- **WHAT THIS TASK INVOLVES**: No pictures go in the copy; everything else in the records below must be output exactly.

- **DATA SUPPLIED**:

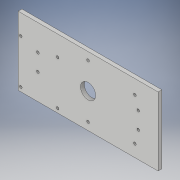
# Autodesk Inventor part: Деталь1
Saved by Autodesk Inventor 2019.2 (Build 232265000, 265)
## iProperties
Created: 2023-02-24
Part Number: Деталь1
Material: Типовые
Document SubType Name: Modeling
Designer: Преподаватель
Density: 1 g/cm^3
Appearance: По умолчанию
Author: Преподаватель
Autodesk Inventor part; units mm, degrees
ref_plane "YZ Plane" through (0, 0, 0) normal (1, 0, 0) x (0, 1, 0)
ref_plane "XZ Plane" through (0, 0, 0) normal (0, 1, 0) x (-1, 0, 0)
ref_plane "XY Plane" through (0, 0, 0) normal (0, 0, 1) x (1, 0, 0)
sketch "Эскиз1" plane through (0, 0, 0) normal (0, 0, 1) x (1, 0, 0)
  line L0 (0, 0) -> (-184, 0)
  line L1 (-184, 0) -> (-184, 90)
  line L2 (-184, 90) -> (0, 90)
  line L3 (0, 90) -> (0, 0)
  dimension "d0" = 184
  dimension "d1" = 90
  constraints: 8 end point, 3 perpendicular, 1 horizontal
  measures "d0" distance of L0.start L0.end
  measures "d1" distance of L0.end L1.end
extrude "Выдавливание1" add sketch "Эскиз1" along normal blind 5
sketch "Эскиз2" plane through (0, 0, 5) normal (0, 0, 1) x (1, 0, 0)
  line L0 (0, 90) -> (-184, 90) projected
  line L1 (-26, 45) -> (-26, 56)
  line L2 (-26, 56) -> (-158, 56)
  line L3 (-158, 56) -> (-158, 34)
  line L4 (-158, 34) -> (-26, 34)
  line L5 (-26, 34) -> (-26, 56)
  circle A0 centre (-158, 56) radius 1.75
  circle A1 centre (-26, 56) radius 1.75
  circle A2 centre (-26, 34) radius 1.75
  circle A3 centre (-158, 34) radius 1.75
  point P0 (0, 0)
  dimension "d43" = 11
  dimension "d44" = 132
  dimension "d45" = 22
  dimension "d46" = 3.5
  dimension "d47" = 3.5
  dimension "d48" = 3.5
  dimension "d49" = 3.5
  constraints: 10 end point, 4 centre point, 4 coincident, 2 parallel, 1 horizontal, 1 perpendicular
  measures "d43" distance of L1.start L1.end
  measures "d44" distance of L4.end L3.end
  measures "d45" distance of L3.end L2.end
  measures "d46" diameter of A0
  measures "d47" diameter of A1
  measures "d48" diameter of A2
  measures "d49" diameter of A3
extrude "Выдавливание2" cut sketch "Эскиз2" against normal blind 5 contours A1 L2 L1 | L1 L2 A1 | A2 L4 L5 | L5 L4 A2 | A0 L3 L2 | L2 L3 A0 | A3 L3 L4 | L4 L3 A3
sketch "Эскиз8" plane through (0, 0, 5) normal (0, 0, 1) x (1, 0, 0)
  line L0 (-184, 0) -> (-184, 90) projected
  line L1 (-184, 0) -> (-92, 0)
  line L2 (0, 0) -> (-184, 0) projected
  line L3 (-92, 0) -> (-92, 10)
  line L4 (-92, 10) -> (-92, 80)
  circle A0 centre (-92, 80) radius 1.75
  circle A1 centre (-92, 10) radius 1.75
  dimension "d52" = 92
  dimension "d53" = 10
  dimension "d54" = 70
  dimension "d55" = 3.5
  dimension "d56" = 3.5
  constraints: 6 end point, 2 centre point, 2 coincident, 1 midpoint, 1 perpendicular, 1 point on line
  measures "d52" distance of L0.start L1.end
  measures "d53" distance of L1.end L3.end
  measures "d54" distance of L3.end L4.end
  measures "d55" diameter of A0
  measures "d56" diameter of A1
extrude "Выдавливание3" cut sketch "Эскиз8" against normal blind 5
sketch "Эскиз9" plane through (0, 0, 5) normal (0, 0, 1) x (1, 0, 0)
  line L0 (0, 90) -> (0, 85)
  line L1 (0, 90) -> (0, 0) projected
  line L2 (-60, 85) -> (-60, 5)
  line L3 (-60, 5) -> (0, 5)
  line L4 (0, 5) -> (0, 85)
  line L5 (-184, 90) -> (-184, 87.5)
  line L6 (-184, 0) -> (-184, 90) projected
  line L7 (-184, 0) -> (-184, 2.5)
  line L8 (-129, 87.5) -> (-129, 2.5)
  line L9 (-129, 2.5) -> (-184, 2.5)
  line L10 (-184, 2.5) -> (-184, 87.5)
  line L11 (-60, 77) -> (-129, 77)
  line L12 (-129, 87.5) -> (-129, 63.5)
  line L13 (-129, 63.5) -> (-132, 63.5)
  circle A0 centre (-132, 63.5) radius 1.75
  circle A1 centre (-180.5, 63.5) radius 1.75
  circle A2 centre (-132, 5.5) radius 1.75
  circle A3 centre (-180.5, 5.5) radius 1.75
  line L14 (-180.5, 63.5) -> (-180.5, 5.5)
  line L15 (-180.5, 5.5) -> (-132, 5.5)
  line L16 (-132, 5.5) -> (-132, 63.5)
  line L17 (-60, 5) -> (-30.5, 5)
  line L18 (-30.5, 5) -> (-30.5, 16)
  circle A4 centre (-30.5, 16) radius 1.75
  line L19 (-30.5, 16) -> (-30.5, 71.5)
  circle A5 centre (-30.5, 71.5) radius 1.75
  dimension "d61" = 5
  dimension "d62" = 60
  dimension "d63" = 80
  dimension "d64" = 2.5
  dimension "d65" = 2.5
  dimension "d66" = 55
  dimension "d67" = 85
  dimension "d69" = 69
  dimension "d70" = 24
  dimension "d71" = 3
  dimension "d72" = 3.5
  dimension "d75" = 3.5
  dimension "d76" = 3.5
  dimension "d77" = 3.5
  dimension "d78" = 58
  dimension "d79" = 48.5
  dimension "d80" = 29.5
  dimension "d81" = 11
  dimension "d82" = 3.5
  dimension "d83" = 55.5
  dimension "d84" = 3.5
  constraints: 36 end point, 7 point on line, 6 centre point, 3 coincident, 3 parallel, 3 perpendicular, 1 vertical
  measures "d61" distance of L0.start L0.end
  measures "d62" distance of L3.end L2.end
  measures "d63" distance of L2.end L2.start
  measures "d64" distance of L5.start L5.end
  measures "d65" distance of L6.start L7.end
  measures "d66" distance of L8.end L9.end
  measures "d67" distance of L8.start L8.end
  measures "d69" distance of L11.start L11.end
  measures "d70" distance of L8.start L12.end
  measures "d71" distance of L12.end L13.end
  measures "d72" diameter of A0
  measures "d75" diameter of A1
  measures "d76" diameter of A2
  measures "d77" diameter of A3
  measures "d78" distance of L14.start L14.end
  measures "d79" distance of L16.end L14.start
  measures "d80" distance of L2.end L17.end
  measures "d81" distance of L17.end L18.end
  measures "d82" diameter of A4
  measures "d83" distance of L19.start L19.end
  measures "d84" diameter of A5
extrude "Выдавливание4" cut sketch "Эскиз9" against normal blind 5
sketch "Эскиз10" plane through (0, 0, 5) normal (0, 0, 1) x (1, 0, 0)
  line L0 (0, 0) -> (-184, 0) projected
  circle A0 centre (-92, 45) radius 10
  dimension "d89" = 20
  constraints: 1 centre point
  measures "d89" diameter of A0
extrude "Выдавливание5" cut sketch "Эскиз10" against normal blind 5

- **EXERCISE OUTPUT**:
# Autodesk Inventor part: Деталь1
Saved by Autodesk Inventor 2019.2 (Build 232265000, 265)
## iProperties
Created: 2023-02-24
Part Number: Деталь1
Material: Типовые
Document SubType Name: Modeling
Designer: Преподаватель
Density: 1 g/cm^3
Appearance: По умолчанию
Author: Преподаватель
Autodesk Inventor part; units mm, degrees
ref_plane "YZ Plane" through (0, 0, 0) normal (1, 0, 0) x (0, 1, 0)
ref_plane "XZ Plane" through (0, 0, 0) normal (0, 1, 0) x (-1, 0, 0)
ref_plane "XY Plane" through (0, 0, 0) normal (0, 0, 1) x (1, 0, 0)
sketch "Эскиз1" plane through (0, 0, 0) normal (0, 0, 1) x (1, 0, 0)
  line L0 (0, 0) -> (-184, 0)
  line L1 (-184, 0) -> (-184, 90)
  line L2 (-184, 90) -> (0, 90)
  line L3 (0, 90) -> (0, 0)
  dimension "d0" = 184
  dimension "d1" = 90
  constraints: 8 end point, 3 perpendicular, 1 horizontal
  measures "d0" distance of L0.start L0.end
  measures "d1" distance of L0.end L1.end
extrude "Выдавливание1" add sketch "Эскиз1" along normal blind 5
sketch "Эскиз2" plane through (0, 0, 5) normal (0, 0, 1) x (1, 0, 0)
  line L0 (0, 90) -> (-184, 90) projected
  line L1 (-26, 45) -> (-26, 56)
  line L2 (-26, 56) -> (-158, 56)
  line L3 (-158, 56) -> (-158, 34)
  line L4 (-158, 34) -> (-26, 34)
  line L5 (-26, 34) -> (-26, 56)
  circle A0 centre (-158, 56) radius 1.75
  circle A1 centre (-26, 56) radius 1.75
  circle A2 centre (-26, 34) radius 1.75
  circle A3 centre (-158, 34) radius 1.75
  point P0 (0, 0)
  dimension "d43" = 11
  dimension "d44" = 132
  dimension "d45" = 22
  dimension "d46" = 3.5
  dimension "d47" = 3.5
  dimension "d48" = 3.5
  dimension "d49" = 3.5
  constraints: 10 end point, 4 centre point, 4 coincident, 2 parallel, 1 horizontal, 1 perpendicular
  measures "d43" distance of L1.start L1.end
  measures "d44" distance of L4.end L3.end
  measures "d45" distance of L3.end L2.end
  measures "d46" diameter of A0
  measures "d47" diameter of A1
  measures "d48" diameter of A2
  measures "d49" diameter of A3
extrude "Выдавливание2" cut sketch "Эскиз2" against normal blind 5 contours A1 L2 L1 | L1 L2 A1 | A2 L4 L5 | L5 L4 A2 | A0 L3 L2 | L2 L3 A0 | A3 L3 L4 | L4 L3 A3
sketch "Эскиз8" plane through (0, 0, 5) normal (0, 0, 1) x (1, 0, 0)
  line L0 (-184, 0) -> (-184, 90) projected
  line L1 (-184, 0) -> (-92, 0)
  line L2 (0, 0) -> (-184, 0) projected
  line L3 (-92, 0) -> (-92, 10)
  line L4 (-92, 10) -> (-92, 80)
  circle A0 centre (-92, 80) radius 1.75
  circle A1 centre (-92, 10) radius 1.75
  dimension "d52" = 92
  dimension "d53" = 10
  dimension "d54" = 70
  dimension "d55" = 3.5
  dimension "d56" = 3.5
  constraints: 6 end point, 2 centre point, 2 coincident, 1 midpoint, 1 perpendicular, 1 point on line
  measures "d52" distance of L0.start L1.end
  measures "d53" distance of L1.end L3.end
  measures "d54" distance of L3.end L4.end
  measures "d55" diameter of A0
  measures "d56" diameter of A1
extrude "Выдавливание3" cut sketch "Эскиз8" against normal blind 5
sketch "Эскиз9" plane through (0, 0, 5) normal (0, 0, 1) x (1, 0, 0)
  line L0 (0, 90) -> (0, 85)
  line L1 (0, 90) -> (0, 0) projected
  line L2 (-60, 85) -> (-60, 5)
  line L3 (-60, 5) -> (0, 5)
  line L4 (0, 5) -> (0, 85)
  line L5 (-184, 90) -> (-184, 87.5)
  line L6 (-184, 0) -> (-184, 90) projected
  line L7 (-184, 0) -> (-184, 2.5)
  line L8 (-129, 87.5) -> (-129, 2.5)
  line L9 (-129, 2.5) -> (-184, 2.5)
  line L10 (-184, 2.5) -> (-184, 87.5)
  line L11 (-60, 77) -> (-129, 77)
  line L12 (-129, 87.5) -> (-129, 63.5)
  line L13 (-129, 63.5) -> (-132, 63.5)
  circle A0 centre (-132, 63.5) radius 1.75
  circle A1 centre (-180.5, 63.5) radius 1.75
  circle A2 centre (-132, 5.5) radius 1.75
  circle A3 centre (-180.5, 5.5) radius 1.75
  line L14 (-180.5, 63.5) -> (-180.5, 5.5)
  line L15 (-180.5, 5.5) -> (-132, 5.5)
  line L16 (-132, 5.5) -> (-132, 63.5)
  line L17 (-60, 5) -> (-30.5, 5)
  line L18 (-30.5, 5) -> (-30.5, 16)
  circle A4 centre (-30.5, 16) radius 1.75
  line L19 (-30.5, 16) -> (-30.5, 71.5)
  circle A5 centre (-30.5, 71.5) radius 1.75
  dimension "d61" = 5
  dimension "d62" = 60
  dimension "d63" = 80
  dimension "d64" = 2.5
  dimension "d65" = 2.5
  dimension "d66" = 55
  dimension "d67" = 85
  dimension "d69" = 69
  dimension "d70" = 24
  dimension "d71" = 3
  dimension "d72" = 3.5
  dimension "d75" = 3.5
  dimension "d76" = 3.5
  dimension "d77" = 3.5
  dimension "d78" = 58
  dimension "d79" = 48.5
  dimension "d80" = 29.5
  dimension "d81" = 11
  dimension "d82" = 3.5
  dimension "d83" = 55.5
  dimension "d84" = 3.5
  constraints: 36 end point, 7 point on line, 6 centre point, 3 coincident, 3 parallel, 3 perpendicular, 1 vertical
  measures "d61" distance of L0.start L0.end
  measures "d62" distance of L3.end L2.end
  measures "d63" distance of L2.end L2.start
  measures "d64" distance of L5.start L5.end
  measures "d65" distance of L6.start L7.end
  measures "d66" distance of L8.end L9.end
  measures "d67" distance of L8.start L8.end
  measures "d69" distance of L11.start L11.end
  measures "d70" distance of L8.start L12.end
  measures "d71" distance of L12.end L13.end
  measures "d72" diameter of A0
  measures "d75" diameter of A1
  measures "d76" diameter of A2
  measures "d77" diameter of A3
  measures "d78" distance of L14.start L14.end
  measures "d79" distance of L16.end L14.start
  measures "d80" distance of L2.end L17.end
  measures "d81" distance of L17.end L18.end
  measures "d82" diameter of A4
  measures "d83" distance of L19.start L19.end
  measures "d84" diameter of A5
extrude "Выдавливание4" cut sketch "Эскиз9" against normal blind 5
sketch "Эскиз10" plane through (0, 0, 5) normal (0, 0, 1) x (1, 0, 0)
  line L0 (0, 0) -> (-184, 0) projected
  circle A0 centre (-92, 45) radius 10
  dimension "d89" = 20
  constraints: 1 centre point
  measures "d89" diameter of A0
extrude "Выдавливание5" cut sketch "Эскиз10" against normal blind 5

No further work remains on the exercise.